Setting a trace_id in your structured logger should contextualize one log entry by locating it in a stream of other log entries with the same key. You include it because you want to fetch your logs later, search for something like trace_id:"correct-horse", and see logs like this:

But, in Elixir¹, operate() has free access to all the logger metadata, including the trace_id field doing the correlating! If it so chooses, it’ll break your trace_id connection between the pre- and post-operation log lines.

def operate() do
  Logger.metadata(trace_id: "battery-staple")
  Logger.info("Changed the trace ID")
end

Of course, that’s a reductive example. In practice, your trace_id has to survive a huge tree of conditionally-connected codepaths, any of which could trample your precious log metadata. You have to read a lot of code to feel confident that won’t happen.
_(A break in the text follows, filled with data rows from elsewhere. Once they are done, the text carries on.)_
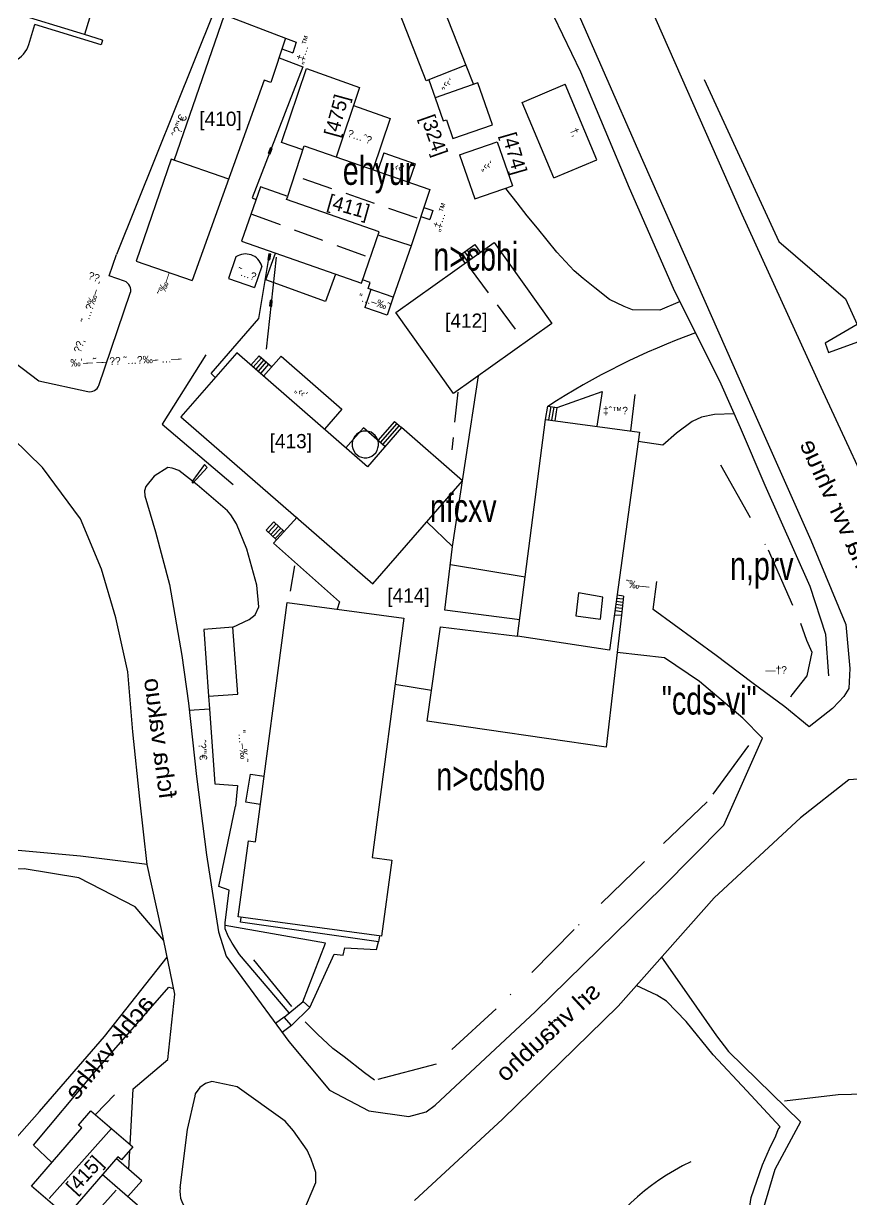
# Model space of a CAD drawing. Header units: millimetres. Extents: x 206768 to 208678, y 737854 to 739416.
# Drawn here: x 207694.6 to 207781.8, y 738370.9 to 738494.7 of the extents above; entities that cross this region are included whole.
import ezdxf
from ezdxf.enums import TextEntityAlignment as Align

# ---------------------------------------------------------------- set-up
doc = ezdxf.new("R2010")
doc.units = ezdxf.units.MM
doc.header["$LTSCALE"] = 0.5
doc.linetypes.add('DIVIDE', pattern=[31.75, 12.7, -6.35, 0, -6.35, 0, -6.35])
doc.linetypes.add('HIDDEN', pattern=[9.525, 6.35, -3.175])
doc.layers.get('0').update_dxf_attribs({"color": 2})
for name, color, linetype in [('1BATIM', 6, 'Continuous'), ('1MADREGOT', 60, 'Continuous'), ('F-KIR-TOMECH', 140, 'Continuous'), ('F-SHAAR', 41, 'HIDDEN'), ('H-HOUSE', 6, 'Continuous'), ('H-MIGDAL', 6, 'Continuous'), ('H-MIVNE', 6, 'Continuous'), ('H-ROOF', 6, 'HIDDEN'), ('H-SCHACHA', 6, 'Continuous'), ('H-ZIBUR', 6, 'Continuous'), ('MISPAR', 1, 'Continuous'), ('R-GESHER', 1, 'Continuous'), ('R-MIDRACHA', 31, 'Continuous'), ('T-KOLTAN', 7, 'Continuous'), ('T-MAICHAL', 7, 'Continuous'), ('TEXT', 7, 'Continuous'), ('W-CANAL', 7, 'DIVIDE'), ('W-PIPE', 7, 'Continuous')]:
    doc.layers.add(name, color=color, linetype=linetype)
for name, color, linetype, lineweight in [('1COVER', 7, 'Continuous', 25), ('1KAV-ASFLT', 7, 'Continuous', 25), ('1PRAT', 12, 'Continuous', 25), ('A-NOTE', 82, 'Continuous', 9), ('R-E-SAFA', 7, 'Continuous', 25), ('R-MER', 7, 'Continuous', 25), ('R-ROAD', 7, 'Continuous', 25), ('rehovot', 7, 'Continuous', 40)]:
    doc.layers.add(name, color=color, linetype=linetype, lineweight=lineweight)
doc.styles.add('NR1', font='narkism$.shx')
doc.styles.add('REHOV-BIG', font='gil1.shx', dxfattribs={"height": 1.8})
doc.styles.add('TRHEBTXT', font='hebtxt')

# ---------------------------------------------------------------- blocks, each defined once
blk = doc.blocks.new('ANOT0')
at = {"style": 'TRHEBTXT', "flags": 8}
blk.add_attdef('TEXT', text='', height=1.6, dxfattribs=at).set_placement((0, -1.16), align=Align.TOP_CENTER)
blk = doc.blocks.new('TR_LOT')
at = {"flags": 8}
blk.add_attdef('LOT', text='', height=3, dxfattribs=at).set_placement((0, 0), align=Align.MIDDLE_CENTER)
blk = doc.blocks.new('ANOT200')
at = {"style": 'TRHEBTXT', "flags": 8}
blk.add_attdef('TEXT', text='', height=1.8, dxfattribs=at).set_placement((0, 0), align=Align.MIDDLE_CENTER)
blk = doc.blocks.new('PIPE-1')
for p, q in [((0.75, 0.2), (-0.75, 0.2)), ((0.75, 0.15), (-0.75, 0.15)), ((0.75, 0.1), (-0.75, 0.1)), ((0.75, 0.05), (-0.75, 0.05)), ((0.75, 0), (-0.75, 0)), ((0.75, -0.05), (-0.75, -0.05)), ((0.75, -0.1), (-0.75, -0.1)), ((0.75, -0.15), (-0.75, -0.15)), ((0.75, -0.2), (-0.75, -0.2))]:
    blk.add_line(p, q)
blk.add_lwpolyline([(-0.75, -0.25), (0.75, -0.25), (0.75, 0.25), (-0.75, 0.25)], close=True)

msp = doc.modelspace()

# ---------------------------------------------------------------- linework, layer by layer
at = {"layer": '1BATIM'}
for p, q in [((207741.18, 738490.29), (207741.98, 738488.25)), ((207737.28, 738488.76), (207737.94, 738486.86)), ((207740.52, 738480.85), (207744.49, 738482.22)), ((207744.49, 738482.22), (207746.09, 738477.59)), ((207732.53, 738481.07), (207731.87, 738479.12)), ((207732.53, 738481.07), (207735.83, 738479.92)), ((207740.52, 738480.85), (207742.12, 738476.22)), ((207735.83, 738479.92), (207735.18, 738477.98)), ((207742.12, 738476.22), (207746.09, 738477.59)), ((207721.73, 738459.68), (207719.89, 738457.57)), ((207721.73, 738459.68), (207728.14, 738454.1)), ((207728.14, 738454.1), (207726.3, 738451.98))]:
    msp.add_line(p, q, dxfattribs=at)
at = {"layer": '1COVER'}
for p, q in [((207695.17, 738492.47), (207695.81, 738494.58)), ((207702.79, 738492.45), (207695.81, 738494.58)), ((207702.93, 738492.93), (207701.02, 738493.52)), ((207702.93, 738492.93), (207702.79, 738492.45)), ((207729.36, 738486.06), (207733.21, 738484.68)), ((207733.21, 738484.68), (207731.4, 738479.29)), ((207716.97, 738470.11), (207716.18, 738467.85)), ((207719.71, 738469.16), (207718.92, 738466.89)), ((207716.18, 738467.85), (207718.92, 738466.89)), ((207731.18, 738466.68), (207730.53, 738464.79)), ((207733.54, 738465.87), (207732.9, 738463.98)), ((207732.9, 738463.98), (207730.53, 738464.79)), ((207730.4, 738452.13), (207728.56, 738450.01)), ((207732.66, 738450.16), (207730.4, 738452.13)), ((207761.92, 738450.32), (207759.31, 738450.68)), ((207714.1, 738423.89), (207714.19, 738422.58)), ((207712.06, 738422.43), (207714.19, 738422.58)), ((207714.19, 738422.58), (207714.75, 738414.67)), ((207715.17, 738403.87), (207716.93, 738412.31)), ((207731.77, 738397.24), (207732, 738398.03)), ((207722.06, 738390.13), (207721.14, 738389.45)), ((207722.84, 738389.25), (207721.84, 738388.51))]:
    msp.add_line(p, q, dxfattribs=at)
msp.add_lwpolyline([(207758.96, 738455.65), (207758.52, 738451.82)], dxfattribs=at)
for centre, radius, start, end in [((207692.54, 738493.27), 2.75, 294.435, 343.0575), ((207717.99, 738468.63), 1.8, 17.1015, 124.3957), ((207774.8, 738353.58), 23.51, 114.9818, 188.8114)]:
    msp.add_arc(centre, radius, start, end, dxfattribs=at)
at = {"layer": '1KAV-ASFLT'}
for p, q in [((207762.1, 738427.92), (207757.11, 738428.49)), ((207768.35, 738410.31), (207772.4, 738419.46)), ((207757.23, 738391.29), (207745.04, 738379.4)), ((207713.17, 738382.72), (207712.68, 738382.06)), ((207713.77, 738383.13), (207713.17, 738382.72)), ((207714.42, 738383.35), (207713.77, 738383.13)), ((207717.11, 738382.79), (207714.42, 738383.35)), ((207722.17, 738379.18), (207717.11, 738382.79)), ((207712.64, 738381.79), (207711.84, 738378.3)), ((207723.02, 738378.17), (207722.17, 738379.18)), ((207745.04, 738379.4), (207735.77, 738370.83)), ((207711.84, 738378.3), (207711.08, 738372.17)), ((207724.48, 738376.14), (207723.02, 738378.17)), ((207724.89, 738375.18), (207724.48, 738376.14)), ((207725.38, 738373.78), (207724.89, 738375.18)), ((207724.02, 738369.5), (207725.4, 738372.73)), ((207725.4, 738372.73), (207725.38, 738373.78))]:
    msp.add_line(p, q, dxfattribs=at)
for points in [[(207716.66, 738561.77), (207720, 738557.1), (207730.24, 738541.09), (207736.22, 738529.41), (207746.43, 738509.65), (207752.72, 738496.36), (207759.26, 738481.48), (207765.52, 738467.28), (207770.75, 738455.45), (207777.49, 738440.31), (207781.19, 738431.44), (207781.6, 738426.82), (207781.52, 738424.69), (207780.98, 738423.86), (207780.45, 738423.29), (207779.8, 738422.61)], [(207747.59, 738521.65), (207747.59, 738521.65), (207752.97, 738512.11), (207759.33, 738499.36), (207770.23, 738474.63), (207778.56, 738456.41), (207785.34, 738441.82), (207792.15, 738426.81), (207800, 738412.62), (207807.37, 738399.56), (207820.94, 738378.31), (207836.04, 738354.86), (207839.24, 738350)], [(207705.83, 738376.71), (207706.14, 738382.57), (207709.8, 738385.66), (207710.54, 738392.54), (207709.15, 738399.35), (207707.61, 738406.2), (207706.85, 738413.06), (207706.1, 738420.13), (207705.58, 738426.44), (207704.34, 738432.15), (207702.8, 738437.25), (207700.6, 738442.55), (207696.59, 738447.95), (207691.88, 738452.56), (207684.99, 738457.55), (207678.92, 738460.74), (207674.02, 738457.06), (207672.69, 738453.6), (207671.74, 738452.13), (207670.92, 738451.4), (207669.89, 738449.95)], [(207779.8, 738422.61), (207777.32, 738420.67), (207774.76, 738422.79), (207771.28, 738425.34), (207767.54, 738428.19), (207760.89, 738433.02), (207761.29, 738435.96)], [(207772.4, 738419.46), (207770.34, 738421.57), (207765.77, 738425.44), (207762.1, 738427.92)], [(207781.49, 738415.1), (207776.43, 738411.09), (207767.31, 738402.68)], [(207829.19, 738350), (207828.78, 738350.64), (207820.49, 738363.59), (207813.27, 738375.17), (207803.03, 738391.57), (207795.48, 738404.25), (207791.16, 738411.81), (207790.15, 738413.28), (207789.58, 738413.74), (207787.6, 738414.5), (207784.5, 738415.31), (207781.49, 738415.1)], [(207722.54, 738387.56), (207726.82, 738382.44), (207730.95, 738380.26), (207735.19, 738379.67), (207736.99, 738380.17), (207737.95, 738380.85), (207748.5, 738390.7), (207761.89, 738403.81), (207768.35, 738410.31)], [(207757.23, 738391.29), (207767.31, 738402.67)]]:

Logger metadata is a process-scoped variable, so it’s intrinsically tied to what happens in that process, and in what order (“control”²). Even if a function with Logger calls doesn’t receive any logger-specific arguments — that is, it doesn’t explicitly depend on logging elsewhere — its behavior can implicitly depend on all sequentially prior operations in the same process. If you imagine the process’s execution as the depth-first traversal of a tree of function calls, this means knowing all the previously-visited vertices, not just the lexical parents of the current vertex.

Elixir’s standard Logger does what Peter Bourgon calls magic: it obscures a complex process-global data-interdependency. Unfortunately, ruling out influence is an indispensable part of reading code. When influence extends to a whole process, and when your program is anything but strictly non-recursive, you can’t just treat code lexically: you have to mentally model the process execution as you read it.

Functional work-arounds

One work-around is to, for some particularly sensitive metadata keys, defer to those already on the logger:

# safe_set_trace_id is a dedicated setter for a single Logger metadata field.
def safe_set_trace_id(trace_id) do
  if !Logger.metadata(:trace_id) do
    Logger.metadata(trace_id: trace_id)
  end
end

# protected_metadata and safe_set_metadata protect a static set of metadata
# keys.
@protected_metadata [:trace_id, :others]
def safe_set_metadata(opts) do
  opts
  |> Enum.each(fn {key, value} ->
    if !Enum.member(@protected_metadata, key) || !Logger.metadata(key) do
      Logger.metadata(key, value)
  end)
end

This requires either sharing a canonical set of precious metadata keys, then enforcing that every Logger call checks the list, or writing a module wrapping Logger and forbidding direct Logger calls.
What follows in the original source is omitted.